From The Desk of Richard Brown:

Hey Geoff, here’s all the info so far, on that sport custom.  The story is that it was built at a Graham-Paige / Studebaker dealership in the area of Leominster, Massachusetts that was in business before World War II. Mr. Porter, who owned the dealership, wanted his own custom sports car, and this car is the result.

In 1952, a new V8 Studebaker Commander that suffered a rollover, became the donor chassis and drivetrain for the project. A sectioned 1938 Graham Sharknose model 97 coupe was mated to the chassis. Next, a 1938 Lincoln K model front end was grafted on, with 1941 Packard 180 Lebaron side mount covers set into the fenders. Last, is the addition of the rear quarter sections and bumper, from a 1949 Buick Super Sedanette.

Completed in 1953 and driven by Mr Porter for many years. Porter sold the car in the mid sixties to a gentleman in Fitchburg, MA, which ultimately sold it to Paul Thibodeaux of “Tibby’s Motor Sales”, in Brunswick, Maine which was established in 1966. Paul, and his partner, Jon Lee, hung on to the car, and enjoyed it for many years. In 1978 it was brought to a Carlisle auto show in Pennsylvania, where it was then sold to an eccentric car collector in California. From there the trail goes cold, until it was recently discovered in 2017 in a private car collection in Baton Rouge, Louisiana which is when I purchased it.

Initially not knowing what it was, I still knew it was something special. That’s when I sent you the photos, which you sent out to your car historian aficionados which produced the vintage photo.  From there I contacted Tibby Motor Sales.  Paul has since passed away, but his partner, Jon Lee is still there selling cars, under the new name, Coastal Classic and Sportscars. He was delighted to hear the car has survived, and was able to recall the story of the car, as it was told to him from the second owner.

Geoff, I’ve named this sport custom the “Porter Pegasus” since it appears the car was built by Mr Porter – still searching for his first name.  I think it gives the car a nice mythical, mystical charm. Plus, looking at its profile, I can actually see a Pegasus in the shape and character of the car. The front end has horse type facial features, and I definitely see wings in those rear fenders. To me the car looks like an old, 1930’s Art Deco, Hollywood luxury coach. It deserves a name that’s refined, tasteful and elegant.

Thanks my friend!

Richard

Summary:

So you have it and Richard named it well – The Porter Pegasus, and he will be keeping us posted on its restoration as he and his team move forward.  Perhaps it will be ready for the next Sport Custom class at the Pebble Beach Concours d’Elegance.  Click here to learn more about the 2012 class of sport customs at Pebble Beach.

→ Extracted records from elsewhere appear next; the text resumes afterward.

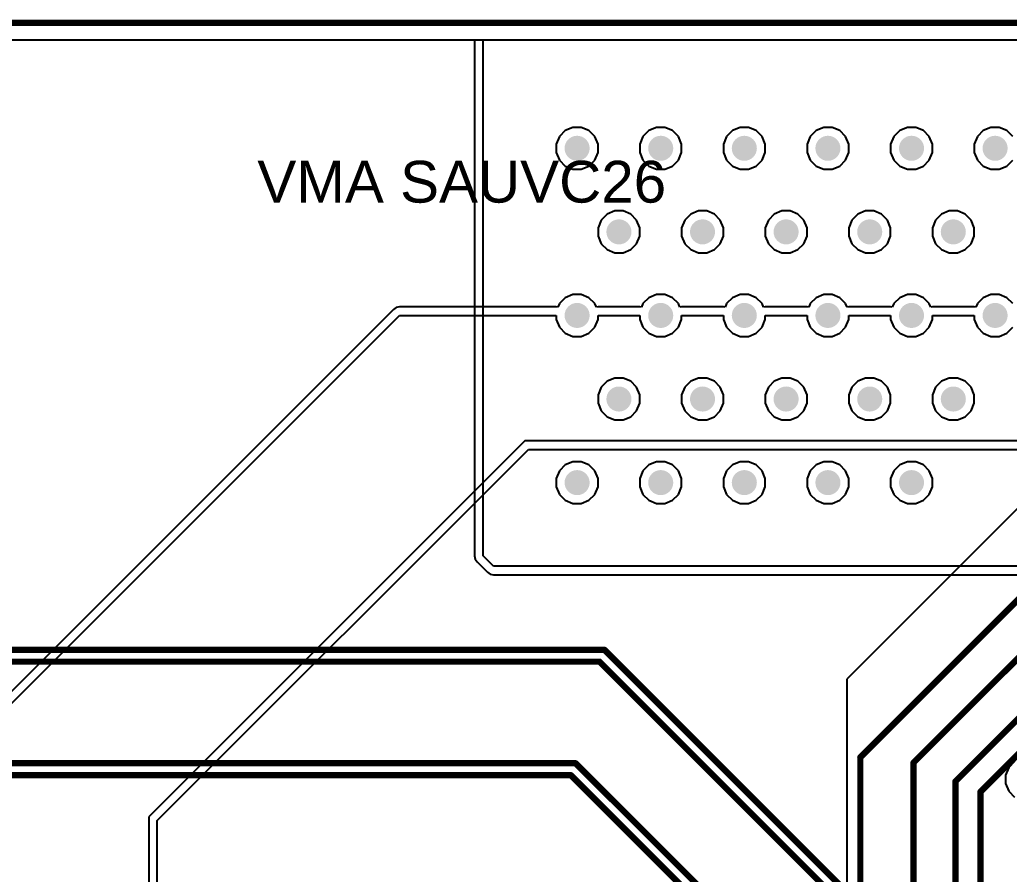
# Model space of a CAD drawing. Header units: inches. Extents: x 0 to 110, y 0 to 95.
# Drawn here: x 39.42 to 63.09, y 74.63 to 95.08 of the extents above; entities that cross this region are included whole.
import ezdxf

# ---------------------------------------------------------------- set-up
doc = ezdxf.new("R2010")
doc.units = ezdxf.units.IN
for name, color, linetype in [('Board Shape', 56, 'Continuous'), ('Bottom Layer', 5, 'Continuous'), ('Int1', 16, 'Continuous'), ('Int2', 76, 'Continuous'), ('Top Layer', 1, 'Continuous'), ('Top Overlay', 2, 'Continuous'), ('Via Holes', 16, 'Continuous')]:
    doc.layers.add(name, color=color, linetype=linetype)
doc.styles.add('Arial', font='', dxfattribs={"height": 0.2})
doc.styles.get('Arial').set_extended_font_data('Arial')

# ---------------------------------------------------------------- blocks, each defined once
blk = doc.blocks.new('DF40C_40DS_713')
at = {"layer": 'Top Overlay', "style": 'Arial'}
blk.add_text('VMA SAUVC26', height=1, rotation=270, dxfattribs=at).set_placement((13.7, 27.3))

msp = doc.modelspace()

# ---------------------------------------------------------------- hatches: boundary and pattern name
at = {"layer": 'Bottom Layer'}
h = msp.add_hatch(color=5, dxfattribs=at)
edge = h.paths.add_edge_path()
edge.add_arc((52.75, 92), 0.3, 0, 360)
h = msp.add_hatch(color=5, dxfattribs=at)
edge = h.paths.add_edge_path()
edge.add_arc((54.75, 92), 0.3, 0, 360)
h = msp.add_hatch(color=5, dxfattribs=at)
edge = h.paths.add_edge_path()
edge.add_arc((56.75, 92), 0.3, 0, 360)
h = msp.add_hatch(color=5, dxfattribs=at)
edge = h.paths.add_edge_path()
edge.add_arc((58.75, 92), 0.3, 0, 360)
h = msp.add_hatch(color=5, dxfattribs=at)
edge = h.paths.add_edge_path()
edge.add_arc((60.75, 92), 0.3, 0, 360)
h = msp.add_hatch(color=5, dxfattribs=at)
edge = h.paths.add_edge_path()
edge.add_arc((62.75, 92), 0.3, 0, 360)
h = msp.add_hatch(color=5, dxfattribs=at)
edge = h.paths.add_edge_path()
edge.add_arc((53.75, 90), 0.3, 0, 360)
h = msp.add_hatch(color=5, dxfattribs=at)
edge = h.paths.add_edge_path()
edge.add_arc((55.75, 90), 0.3, 0, 360)
h = msp.add_hatch(color=5, dxfattribs=at)
edge = h.paths.add_edge_path()
edge.add_arc((57.75, 90), 0.3, 0, 360)
h = msp.add_hatch(color=5, dxfattribs=at)
edge = h.paths.add_edge_path()
edge.add_arc((59.75, 90), 0.3, 0, 360)
h = msp.add_hatch(color=5, dxfattribs=at)
edge = h.paths.add_edge_path()
edge.add_arc((61.75, 90), 0.3, 0, 360)
h = msp.add_hatch(color=5, dxfattribs=at)
edge = h.paths.add_edge_path()
edge.add_arc((52.75, 88), 0.3, 0, 360)
h = msp.add_hatch(color=5, dxfattribs=at)
edge = h.paths.add_edge_path()
edge.add_arc((54.75, 88), 0.3, 0, 360)
h = msp.add_hatch(color=5, dxfattribs=at)
edge = h.paths.add_edge_path()
edge.add_arc((56.75, 88), 0.3, 0, 360)
h = msp.add_hatch(color=5, dxfattribs=at)
edge = h.paths.add_edge_path()
edge.add_arc((58.75, 88), 0.3, 0, 360)
h = msp.add_hatch(color=5, dxfattribs=at)
edge = h.paths.add_edge_path()
edge.add_arc((60.75, 88), 0.3, 0, 360)
h = msp.add_hatch(color=5, dxfattribs=at)
edge = h.paths.add_edge_path()
edge.add_arc((62.75, 88), 0.3, 0, 360)
h = msp.add_hatch(color=5, dxfattribs=at)
edge = h.paths.add_edge_path()
edge.add_arc((53.75, 86), 0.3, 0, 360)
h = msp.add_hatch(color=5, dxfattribs=at)
edge = h.paths.add_edge_path()
edge.add_arc((55.75, 86), 0.3, 0, 360)
h = msp.add_hatch(color=5, dxfattribs=at)
edge = h.paths.add_edge_path()
edge.add_arc((57.75, 86), 0.3, 0, 360)
h = msp.add_hatch(color=5, dxfattribs=at)
edge = h.paths.add_edge_path()
edge.add_arc((59.75, 86), 0.3, 0, 360)
h = msp.add_hatch(color=5, dxfattribs=at)
edge = h.paths.add_edge_path()
edge.add_arc((61.75, 86), 0.3, 0, 360)
h = msp.add_hatch(color=5, dxfattribs=at)
edge = h.paths.add_edge_path()
edge.add_arc((52.75, 84), 0.3, 0, 360)
h = msp.add_hatch(color=5, dxfattribs=at)
edge = h.paths.add_edge_path()
edge.add_arc((54.75, 84), 0.3, 0, 360)
h = msp.add_hatch(color=5, dxfattribs=at)
edge = h.paths.add_edge_path()
edge.add_arc((56.75, 84), 0.3, 0, 360)
h = msp.add_hatch(color=5, dxfattribs=at)
edge = h.paths.add_edge_path()
edge.add_arc((58.75, 84), 0.3, 0, 360)
h = msp.add_hatch(color=5, dxfattribs=at)
edge = h.paths.add_edge_path()
edge.add_arc((60.75, 84), 0.3, 0, 360)
at = {"layer": 'Int1'}
h = msp.add_hatch(color=16, dxfattribs=at)
edge = h.paths.add_edge_path()
edge.add_arc((52.75, 92), 0.3, 0, 360)
h = msp.add_hatch(color=16, dxfattribs=at)
edge = h.paths.add_edge_path()
edge.add_arc((54.75, 92), 0.3, 0, 360)
h = msp.add_hatch(color=16, dxfattribs=at)
edge = h.paths.add_edge_path()
edge.add_arc((56.75, 92), 0.3, 0, 360)
h = msp.add_hatch(color=16, dxfattribs=at)
edge = h.paths.add_edge_path()
edge.add_arc((58.75, 92), 0.3, 0, 360)
h = msp.add_hatch(color=16, dxfattribs=at)
edge = h.paths.add_edge_path()
edge.add_arc((60.75, 92), 0.3, 0, 360)
h = msp.add_hatch(color=16, dxfattribs=at)
edge = h.paths.add_edge_path()
edge.add_arc((62.75, 92), 0.3, 0, 360)
h = msp.add_hatch(color=16, dxfattribs=at)
edge = h.paths.add_edge_path()
edge.add_arc((53.75, 90), 0.3, 0, 360)
h = msp.add_hatch(color=16, dxfattribs=at)
edge = h.paths.add_edge_path()
edge.add_arc((55.75, 90), 0.3, 0, 360)
h = msp.add_hatch(color=16, dxfattribs=at)
edge = h.paths.add_edge_path()
edge.add_arc((57.75, 90), 0.3, 0, 360)
h = msp.add_hatch(color=16, dxfattribs=at)
edge = h.paths.add_edge_path()
edge.add_arc((59.75, 90), 0.3, 0, 360)
h = msp.add_hatch(color=16, dxfattribs=at)
edge = h.paths.add_edge_path()
edge.add_arc((61.75, 90), 0.3, 0, 360)
h = msp.add_hatch(color=16, dxfattribs=at)
edge = h.paths.add_edge_path()
edge.add_arc((52.75, 88), 0.3, 0, 360)
h = msp.add_hatch(color=16, dxfattribs=at)
edge = h.paths.add_edge_path()
edge.add_arc((54.75, 88), 0.3, 0, 360)
h = msp.add_hatch(color=16, dxfattribs=at)
edge = h.paths.add_edge_path()
edge.add_arc((56.75, 88), 0.3, 0, 360)
h = msp.add_hatch(color=16, dxfattribs=at)
edge = h.paths.add_edge_path()
edge.add_arc((58.75, 88), 0.3, 0, 360)
h = msp.add_hatch(color=16, dxfattribs=at)
edge = h.paths.add_edge_path()
edge.add_arc((60.75, 88), 0.3, 0, 360)
h = msp.add_hatch(color=16, dxfattribs=at)
edge = h.paths.add_edge_path()
edge.add_arc((62.75, 88), 0.3, 0, 360)
h = msp.add_hatch(color=16, dxfattribs=at)
edge = h.paths.add_edge_path()
edge.add_arc((53.75, 86), 0.3, 0, 360)
h = msp.add_hatch(color=16, dxfattribs=at)
edge = h.paths.add_edge_path()
edge.add_arc((55.75, 86), 0.3, 0, 360)
h = msp.add_hatch(color=16, dxfattribs=at)
edge = h.paths.add_edge_path()
edge.add_arc((57.75, 86), 0.3, 0, 360)
h = msp.add_hatch(color=16, dxfattribs=at)
edge = h.paths.add_edge_path()
edge.add_arc((59.75, 86), 0.3, 0, 360)
h = msp.add_hatch(color=16, dxfattribs=at)
edge = h.paths.add_edge_path()
edge.add_arc((61.75, 86), 0.3, 0, 360)
h = msp.add_hatch(color=16, dxfattribs=at)
edge = h.paths.add_edge_path()
edge.add_arc((52.75, 84), 0.3, 0, 360)
h = msp.add_hatch(color=16, dxfattribs=at)
edge = h.paths.add_edge_path()
edge.add_arc((54.75, 84), 0.3, 0, 360)
h = msp.add_hatch(color=16, dxfattribs=at)
edge = h.paths.add_edge_path()
edge.add_arc((56.75, 84), 0.3, 0, 360)
h = msp.add_hatch(color=16, dxfattribs=at)
edge = h.paths.add_edge_path()
edge.add_arc((58.75, 84), 0.3, 0, 360)
h = msp.add_hatch(color=16, dxfattribs=at)
edge = h.paths.add_edge_path()
edge.add_arc((60.75, 84), 0.3, 0, 360)
at = {"layer": 'Int2'}
h = msp.add_hatch(color=76, dxfattribs=at)
edge = h.paths.add_edge_path()
edge.add_arc((52.75, 92), 0.3, 0, 360)
h = msp.add_hatch(color=76, dxfattribs=at)
edge = h.paths.add_edge_path()
edge.add_arc((54.75, 92), 0.3, 0, 360)
h = msp.add_hatch(color=76, dxfattribs=at)
edge = h.paths.add_edge_path()
edge.add_arc((56.75, 92), 0.3, 0, 360)
h = msp.add_hatch(color=76, dxfattribs=at)
edge = h.paths.add_edge_path()
edge.add_arc((58.75, 92), 0.3, 0, 360)
h = msp.add_hatch(color=76, dxfattribs=at)
edge = h.paths.add_edge_path()
edge.add_arc((60.75, 92), 0.3, 0, 360)
h = msp.add_hatch(color=76, dxfattribs=at)
edge = h.paths.add_edge_path()
edge.add_arc((62.75, 92), 0.3, 0, 360)
h = msp.add_hatch(color=76, dxfattribs=at)
edge = h.paths.add_edge_path()
edge.add_arc((53.75, 90), 0.3, 0, 360)
h = msp.add_hatch(color=76, dxfattribs=at)
edge = h.paths.add_edge_path()
edge.add_arc((55.75, 90), 0.3, 0, 360)
h = msp.add_hatch(color=76, dxfattribs=at)
edge = h.paths.add_edge_path()
edge.add_arc((57.75, 90), 0.3, 0, 360)
h = msp.add_hatch(color=76, dxfattribs=at)
edge = h.paths.add_edge_path()
edge.add_arc((59.75, 90), 0.3, 0, 360)
h = msp.add_hatch(color=76, dxfattribs=at)
edge = h.paths.add_edge_path()
edge.add_arc((61.75, 90), 0.3, 0, 360)
h = msp.add_hatch(color=76, dxfattribs=at)
edge = h.paths.add_edge_path()
edge.add_arc((52.75, 88), 0.3, 0, 360)
h = msp.add_hatch(color=76, dxfattribs=at)
edge = h.paths.add_edge_path()
edge.add_arc((54.75, 88), 0.3, 0, 360)
h = msp.add_hatch(color=76, dxfattribs=at)
edge = h.paths.add_edge_path()
edge.add_arc((56.75, 88), 0.3, 0, 360)
h = msp.add_hatch(color=76, dxfattribs=at)
edge = h.paths.add_edge_path()
edge.add_arc((58.75, 88), 0.3, 0, 360)
h = msp.add_hatch(color=76, dxfattribs=at)
edge = h.paths.add_edge_path()
edge.add_arc((60.75, 88), 0.3, 0, 360)
h = msp.add_hatch(color=76, dxfattribs=at)
edge = h.paths.add_edge_path()
edge.add_arc((62.75, 88), 0.3, 0, 360)
h = msp.add_hatch(color=76, dxfattribs=at)
edge = h.paths.add_edge_path()
edge.add_arc((53.75, 86), 0.3, 0, 360)
h = msp.add_hatch(color=76, dxfattribs=at)
edge = h.paths.add_edge_path()
edge.add_arc((55.75, 86), 0.3, 0, 360)
h = msp.add_hatch(color=76, dxfattribs=at)
edge = h.paths.add_edge_path()
edge.add_arc((57.75, 86), 0.3, 0, 360)
h = msp.add_hatch(color=76, dxfattribs=at)
edge = h.paths.add_edge_path()
edge.add_arc((59.75, 86), 0.3, 0, 360)
h = msp.add_hatch(color=76, dxfattribs=at)
edge = h.paths.add_edge_path()
edge.add_arc((61.75, 86), 0.3, 0, 360)
h = msp.add_hatch(color=76, dxfattribs=at)
edge = h.paths.add_edge_path()
edge.add_arc((52.75, 84), 0.3, 0, 360)
h = msp.add_hatch(color=76, dxfattribs=at)
edge = h.paths.add_edge_path()
edge.add_arc((54.75, 84), 0.3, 0, 360)
h = msp.add_hatch(color=76, dxfattribs=at)
edge = h.paths.add_edge_path()
edge.add_arc((56.75, 84), 0.3, 0, 360)
h = msp.add_hatch(color=76, dxfattribs=at)
edge = h.paths.add_edge_path()
edge.add_arc((58.75, 84), 0.3, 0, 360)
h = msp.add_hatch(color=76, dxfattribs=at)
edge = h.paths.add_edge_path()
edge.add_arc((60.75, 84), 0.3, 0, 360)
at = {"layer": 'Top Layer'}
h = msp.add_hatch(color=1, dxfattribs=at)
edge = h.paths.add_edge_path()
edge.add_arc((52.75, 92), 0.3, 0, 360)
h = msp.add_hatch(color=1, dxfattribs=at)
edge = h.paths.add_edge_path()
edge.add_arc((54.75, 92), 0.3, 0, 360)
h = msp.add_hatch(color=1, dxfattribs=at)
edge = h.paths.add_edge_path()
edge.add_arc((56.75, 92), 0.3, 0, 360)
h = msp.add_hatch(color=1, dxfattribs=at)
edge = h.paths.add_edge_path()
edge.add_arc((58.75, 92), 0.3, 0, 360)
h = msp.add_hatch(color=1, dxfattribs=at)
edge = h.paths.add_edge_path()
edge.add_arc((60.75, 92), 0.3, 0, 360)
h = msp.add_hatch(color=1, dxfattribs=at)
edge = h.paths.add_edge_path()
edge.add_arc((62.75, 92), 0.3, 0, 360)
h = msp.add_hatch(color=1, dxfattribs=at)
edge = h.paths.add_edge_path()
edge.add_arc((53.75, 90), 0.3, 0, 360)
h = msp.add_hatch(color=1, dxfattribs=at)
edge = h.paths.add_edge_path()
edge.add_arc((55.75, 90), 0.3, 0, 360)
h = msp.add_hatch(color=1, dxfattribs=at)
edge = h.paths.add_edge_path()
edge.add_arc((57.75, 90), 0.3, 0, 360)
h = msp.add_hatch(color=1, dxfattribs=at)
edge = h.paths.add_edge_path()
edge.add_arc((59.75, 90), 0.3, 0, 360)
h = msp.add_hatch(color=1, dxfattribs=at)
edge = h.paths.add_edge_path()
edge.add_arc((61.75, 90), 0.3, 0, 360)
h = msp.add_hatch(color=1, dxfattribs=at)
edge = h.paths.add_edge_path()
edge.add_arc((52.75, 88), 0.3, 0, 360)
h = msp.add_hatch(color=1, dxfattribs=at)
edge = h.paths.add_edge_path()
edge.add_arc((54.75, 88), 0.3, 0, 360)
h = msp.add_hatch(color=1, dxfattribs=at)
edge = h.paths.add_edge_path()
edge.add_arc((56.75, 88), 0.3, 0, 360)
h = msp.add_hatch(color=1, dxfattribs=at)
edge = h.paths.add_edge_path()
edge.add_arc((58.75, 88), 0.3, 0, 360)
h = msp.add_hatch(color=1, dxfattribs=at)
edge = h.paths.add_edge_path()
edge.add_arc((60.75, 88), 0.3, 0, 360)
h = msp.add_hatch(color=1, dxfattribs=at)
edge = h.paths.add_edge_path()
edge.add_arc((62.75, 88), 0.3, 0, 360)
h = msp.add_hatch(color=1, dxfattribs=at)
edge = h.paths.add_edge_path()
edge.add_arc((53.75, 86), 0.3, 0, 360)
h = msp.add_hatch(color=1, dxfattribs=at)
edge = h.paths.add_edge_path()
edge.add_arc((55.75, 86), 0.3, 0, 360)
h = msp.add_hatch(color=1, dxfattribs=at)
edge = h.paths.add_edge_path()
edge.add_arc((57.75, 86), 0.3, 0, 360)
h = msp.add_hatch(color=1, dxfattribs=at)
edge = h.paths.add_edge_path()
edge.add_arc((59.75, 86), 0.3, 0, 360)
h = msp.add_hatch(color=1, dxfattribs=at)
edge = h.paths.add_edge_path()
edge.add_arc((61.75, 86), 0.3, 0, 360)
h = msp.add_hatch(color=1, dxfattribs=at)
edge = h.paths.add_edge_path()
edge.add_arc((52.75, 84), 0.3, 0, 360)
h = msp.add_hatch(color=1, dxfattribs=at)
edge = h.paths.add_edge_path()
edge.add_arc((54.75, 84), 0.3, 0, 360)
h = msp.add_hatch(color=1, dxfattribs=at)
edge = h.paths.add_edge_path()
edge.add_arc((56.75, 84), 0.3, 0, 360)
h = msp.add_hatch(color=1, dxfattribs=at)
edge = h.paths.add_edge_path()
edge.add_arc((58.75, 84), 0.3, 0, 360)
h = msp.add_hatch(color=1, dxfattribs=at)
edge = h.paths.add_edge_path()
edge.add_arc((60.75, 84), 0.3, 0, 360)
at = {"layer": 'Via Holes'}
h = msp.add_hatch(color=7, dxfattribs=at)
edge = h.paths.add_edge_path()
edge.add_arc((52.75, 92), 0.15, 0, 360)
h = msp.add_hatch(color=7, dxfattribs=at)
edge = h.paths.add_edge_path()
edge.add_arc((54.75, 92), 0.15, 0, 360)
h = msp.add_hatch(color=7, dxfattribs=at)
edge = h.paths.add_edge_path()
edge.add_arc((56.75, 92), 0.15, 0, 360)
h = msp.add_hatch(color=7, dxfattribs=at)
edge = h.paths.add_edge_path()
edge.add_arc((58.75, 92), 0.15, 0, 360)
h = msp.add_hatch(color=7, dxfattribs=at)
edge = h.paths.add_edge_path()
edge.add_arc((60.75, 92), 0.15, 0, 360)
h = msp.add_hatch(color=7, dxfattribs=at)
edge = h.paths.add_edge_path()
edge.add_arc((62.75, 92), 0.15, 0, 360)
h = msp.add_hatch(color=7, dxfattribs=at)
edge = h.paths.add_edge_path()
edge.add_arc((53.75, 90), 0.15, 0, 360)
h = msp.add_hatch(color=7, dxfattribs=at)
edge = h.paths.add_edge_path()
edge.add_arc((55.75, 90), 0.15, 0, 360)
h = msp.add_hatch(color=7, dxfattribs=at)
edge = h.paths.add_edge_path()
edge.add_arc((57.75, 90), 0.15, 0, 360)
h = msp.add_hatch(color=7, dxfattribs=at)
edge = h.paths.add_edge_path()
edge.add_arc((59.75, 90), 0.15, 0, 360)
h = msp.add_hatch(color=7, dxfattribs=at)
edge = h.paths.add_edge_path()
edge.add_arc((61.75, 90), 0.15, 0, 360)
h = msp.add_hatch(color=7, dxfattribs=at)
edge = h.paths.add_edge_path()
edge.add_arc((52.75, 88), 0.15, 0, 360)
h = msp.add_hatch(color=7, dxfattribs=at)
edge = h.paths.add_edge_path()
edge.add_arc((54.75, 88), 0.15, 0, 360)
h = msp.add_hatch(color=7, dxfattribs=at)
edge = h.paths.add_edge_path()
edge.add_arc((56.75, 88), 0.15, 0, 360)
h = msp.add_hatch(color=7, dxfattribs=at)
edge = h.paths.add_edge_path()
edge.add_arc((58.75, 88), 0.15, 0, 360)
h = msp.add_hatch(color=7, dxfattribs=at)
edge = h.paths.add_edge_path()
edge.add_arc((60.75, 88), 0.15, 0, 360)
h = msp.add_hatch(color=7, dxfattribs=at)
edge = h.paths.add_edge_path()
edge.add_arc((62.75, 88), 0.15, 0, 360)
h = msp.add_hatch(color=7, dxfattribs=at)
edge = h.paths.add_edge_path()
edge.add_arc((53.75, 86), 0.15, 0, 360)
h = msp.add_hatch(color=7, dxfattribs=at)
edge = h.paths.add_edge_path()
edge.add_arc((55.75, 86), 0.15, 0, 360)
h = msp.add_hatch(color=7, dxfattribs=at)
edge = h.paths.add_edge_path()
edge.add_arc((57.75, 86), 0.15, 0, 360)
h = msp.add_hatch(color=7, dxfattribs=at)
edge = h.paths.add_edge_path()
edge.add_arc((59.75, 86), 0.15, 0, 360)
h = msp.add_hatch(color=7, dxfattribs=at)
edge = h.paths.add_edge_path()
edge.add_arc((61.75, 86), 0.15, 0, 360)
h = msp.add_hatch(color=7, dxfattribs=at)
edge = h.paths.add_edge_path()
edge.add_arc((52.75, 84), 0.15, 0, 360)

And if you want to learn more about Sport Custom Cars from our website, click on this link.

Hope you enjoyed the story, and remember…

The adventure continues here at Undiscovered Classics.

Geoff


Comments

Another Sport Custom Surfaces: Meet The 1953 Porter Pegasus — 4 Comments

  1. Wonderful story! Automotive amalgamations are often styling Frankentein’s, but this car is a real beauty very evocative of expensive European tourers. Whoever put this together knew what they were doing.

  2. Wonderful car, with a really good balance in its dimentions and lines. I think this is the best sports custom, since I saw a Shoebox ’50 Ford that had been seccioned 6 inches horizontal and with recut wheel wells. The top had not been cut, and so it looked low and fast.(cannot remember name of car) But in was in Hot Rod magazine.